Hi @verheytb does your data have both positive and negative values(e.g. ratio data)? If so, can you try setting gamma= 0 for admin and let us know how that goes?

verheytb commented 3 years ago

I am using summed SNR/intensity data at the protein level. I have also independently confirmed that the data is all non-negative.

pacificma commented 3 years ago

how is the overall scale of your data what about the 0 proportions in the data? did you get the same error by setting gamma_ADMIN = 0?

verheytb commented 3 years ago

I was able to resolve the issue by removing some values that were 0 (presumably from rounding error). I also had to remove the bridge samples from TMT data where expression was set to 1.

pacificma commented 3 years ago

I was able to resolve the issue by removing some values that were 0 (presumably from rounding error).

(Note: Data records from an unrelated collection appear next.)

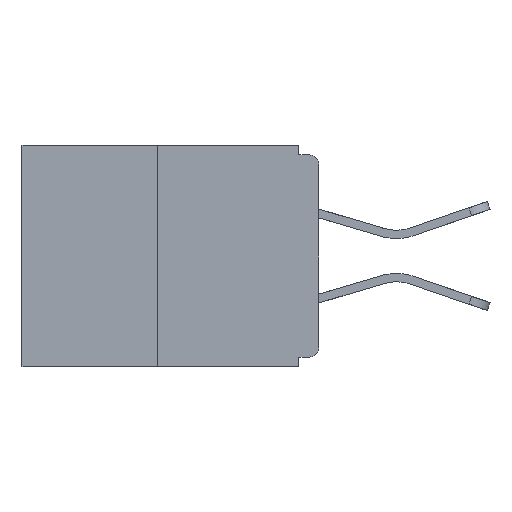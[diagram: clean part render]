
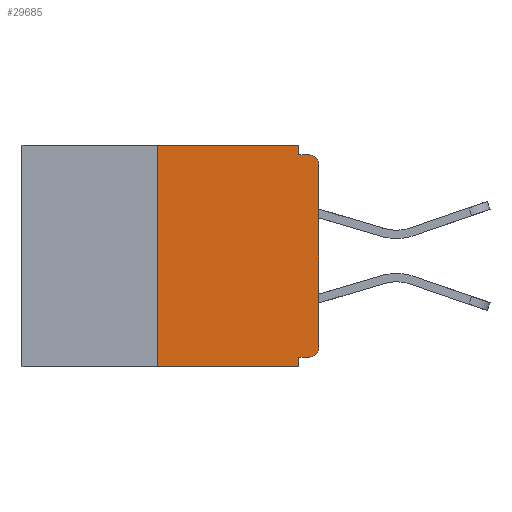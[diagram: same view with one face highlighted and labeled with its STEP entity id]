
A CAD part, left-side view. The second image highlights one B-rep face of the part: STEP entity #29685.
In plain terms, the highlighted planar face has unit normal (-1, 0, 0).
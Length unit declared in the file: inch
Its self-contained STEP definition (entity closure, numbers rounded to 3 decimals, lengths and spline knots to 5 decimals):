
#159 = ORIENTED_EDGE ( 'NONE', *, *, #20563, .F. ) ;
#432 = CARTESIAN_POINT ( 'NONE',  ( 0., 0., 0. ) ) ;
#1899 = CIRCLE ( 'NONE', #10801, 0.015 ) ;
#2004 = CARTESIAN_POINT ( 'NONE',  ( 0., 0.46, 0. ) ) ;
#2200 = CARTESIAN_POINT ( 'NONE',  ( 0., 0.031, -0.015 ) ) ;
#2341 = VERTEX_POINT ( 'NONE', #26035 ) ;
#2949 = ORIENTED_EDGE ( 'NONE', *, *, #9367, .T. ) ;
#3300 = EDGE_CURVE ( 'NONE', #23761, #27076, #12655, .T. ) ;
#3762 = CARTESIAN_POINT ( 'NONE',  ( 0., 0.031, -0.328 ) ) ;
#3861 = CIRCLE ( 'NONE', #29043, 0.015 ) ;
#4042 = PLANE ( 'NONE',  #19796 ) ;
#4191 = LINE ( 'NONE', #7169, #10412 ) ;
#4447 = CARTESIAN_POINT ( 'NONE',  ( 0., 0.031, -0.343 ) ) ;
#4479 = CARTESIAN_POINT ( 'NONE',  ( 0., 0., -0.03 ) ) ;
#4811 = LINE ( 'NONE', #28609, #13941 ) ;
#5143 = ORIENTED_EDGE ( 'NONE', *, *, #5729, .T. ) ;
#5207 = CARTESIAN_POINT ( 'NONE',  ( 0., 0.015, -0.03 ) ) ;
#5225 = LINE ( 'NONE', #27201, #15782 ) ;
#5319 = ORIENTED_EDGE ( 'NONE', *, *, #12255, .T. ) ;
#5562 = VERTEX_POINT ( 'NONE', #4479 ) ;
#5729 = EDGE_CURVE ( 'NONE', #13981, #28245, #1899, .T. ) ;
#6449 = CARTESIAN_POINT ( 'NONE',  ( 0., 0.031, 0. ) ) ;
#6740 = VECTOR ( 'NONE', #18794, 39.37008 ) ;
#7169 = CARTESIAN_POINT ( 'NONE',  ( 0., 0.46, 0. ) ) ;
#9279 = EDGE_CURVE ( 'NONE', #2341, #11108, #4191, .T. ) ;
#9367 = EDGE_CURVE ( 'NONE', #28834, #28822, #17702, .T. ) ;
#10296 = CARTESIAN_POINT ( 'NONE',  ( 0., 0.031, -0.343 ) ) ;
#10412 = VECTOR ( 'NONE', #26015, 39.37008 ) ;
#10769 = LINE ( 'NONE', #10296, #28270 ) ;
#10801 = AXIS2_PLACEMENT_3D ( 'NONE', #13429, #29444, #29539 ) ;
#11108 = VERTEX_POINT ( 'NONE', #6449 ) ;
#11688 = CARTESIAN_POINT ( 'NONE',  ( 0., 0.25, -0.343 ) ) ;
#11825 = DIRECTION ( 'NONE',  ( 0., 0., 1. ) ) ;
#12143 = ORIENTED_EDGE ( 'NONE', *, *, #12878, .F. ) ;
#12255 = EDGE_CURVE ( 'NONE', #5562, #27076, #3861, .T. ) ;
#12514 = ORIENTED_EDGE ( 'NONE', *, *, #3300, .F. ) ;
#12655 = LINE ( 'NONE', #13940, #22518 ) ;
#12719 = DIRECTION ( 'NONE',  ( 0., 0., -1. ) ) ;
#12835 = EDGE_CURVE ( 'NONE', #28245, #5562, #14774, .T. ) ;
#12878 = EDGE_CURVE ( 'NONE', #27807, #28822, #10769, .T. ) ;
#13029 = FACE_OUTER_BOUND ( 'NONE', #23884, .T. ) ;
#13429 = CARTESIAN_POINT ( 'NONE',  ( 0., 0.015, -0.313 ) ) ;
#13940 = CARTESIAN_POINT ( 'NONE',  ( 0., 0., -0.015 ) ) ;
#13941 = VECTOR ( 'NONE', #12719, 39.37008 ) ;
#13981 = VERTEX_POINT ( 'NONE', #18788 ) ;
#14774 = LINE ( 'NONE', #432, #27919 ) ;
#15782 = VECTOR ( 'NONE', #26551, 39.37008 ) ;
#16604 = DIRECTION ( 'NONE',  ( 0., -1., 0. ) ) ;
#16776 = DIRECTION ( 'NONE',  ( 0., 0., 1. ) ) ;
#17092 = ORIENTED_EDGE ( 'NONE', *, *, #9279, .F. ) ;
#17702 = LINE ( 'NONE', #21435, #6740 ) ;
#18788 = CARTESIAN_POINT ( 'NONE',  ( 0., 0.015, -0.328 ) ) ;
#18794 = DIRECTION ( 'NONE',  ( 0., -1., 0. ) ) ;
#18984 = DIRECTION ( 'NONE',  ( 0., 0., -1. ) ) ;
#19559 = LINE ( 'NONE', #21175, #25359 ) ;
#19796 = AXIS2_PLACEMENT_3D ( 'NONE', #2004, #25275, #25163 ) ;
#19968 = ORIENTED_EDGE ( 'NONE', *, *, #12835, .T. ) ;
#20563 = EDGE_CURVE ( 'NONE', #28834, #2341, #19559, .T. ) ;
#20602 = CARTESIAN_POINT ( 'NONE',  ( 0., 0.015, -0.015 ) ) ;
#21175 = CARTESIAN_POINT ( 'NONE',  ( 0., 0.25, 0. ) ) ;
#21435 = CARTESIAN_POINT ( 'NONE',  ( 0., 0.46, -0.343 ) ) ;
#21606 = ORIENTED_EDGE ( 'NONE', *, *, #25911, .F. ) ;
#21634 = ORIENTED_EDGE ( 'NONE', *, *, #22287, .F. ) ;
#21851 = DIRECTION ( 'NONE',  ( 0., 0., -1. ) ) ;
#22287 = EDGE_CURVE ( 'NONE', #13981, #27807, #5225, .T. ) ;
#22518 = VECTOR ( 'NONE', #16604, 39.37008 ) ;
#23571 = CARTESIAN_POINT ( 'NONE',  ( 0., 0., -0.313 ) ) ;
#23761 = VERTEX_POINT ( 'NONE', #2200 ) ;
#23884 = EDGE_LOOP ( 'NONE', ( #17092, #159, #2949, #12143, #21634, #5143, #19968, #5319, #12514, #21606 ) ) ;
#25163 = DIRECTION ( 'NONE',  ( 0., 0., -1. ) ) ;
#25275 = DIRECTION ( 'NONE',  ( 1., 0., 0. ) ) ;
#25359 = VECTOR ( 'NONE', #16776, 39.37008 ) ;
#25911 = EDGE_CURVE ( 'NONE', #11108, #23761, #4811, .T. ) ;
#26015 = DIRECTION ( 'NONE',  ( 0., -1., 0. ) ) ;
#26035 = CARTESIAN_POINT ( 'NONE',  ( 0., 0.25, 0. ) ) ;
#26104 = DIRECTION ( 'NONE',  ( -1., 0., 0. ) ) ;
#26551 = DIRECTION ( 'NONE',  ( 0., 1., 0. ) ) ;
#27076 = VERTEX_POINT ( 'NONE', #20602 ) ;
#27201 = CARTESIAN_POINT ( 'NONE',  ( 0., 0., -0.328 ) ) ;
#27807 = VERTEX_POINT ( 'NONE', #3762 ) ;
#27919 = VECTOR ( 'NONE', #11825, 39.37008 ) ;
#28245 = VERTEX_POINT ( 'NONE', #23571 ) ;
#28270 = VECTOR ( 'NONE', #21851, 39.37008 ) ;
#28609 = CARTESIAN_POINT ( 'NONE',  ( 0., 0.031, 0. ) ) ;
#28822 = VERTEX_POINT ( 'NONE', #4447 ) ;
#28834 = VERTEX_POINT ( 'NONE', #11688 ) ;
#29043 = AXIS2_PLACEMENT_3D ( 'NONE', #5207, #26104, #18984 ) ;
#29444 = DIRECTION ( 'NONE',  ( -1., 0., 0. ) ) ;
#29539 = DIRECTION ( 'NONE',  ( 0., 0., -1. ) ) ;
#29685 = ADVANCED_FACE ( 'NONE', ( #13029 ), #4042, .F. ) ;

I also had to remove the bridge samples from TMT data where expression was set to 1.

did you try 'gamma_ADMIN = 0' yet? also large number of 0s might be a issue which is not a regular pattern of proteomics data.

verheytb commented 3 years ago

It was only a handful of zeros. I have not tried that parameter you are suggesting, but I will if I get this error again.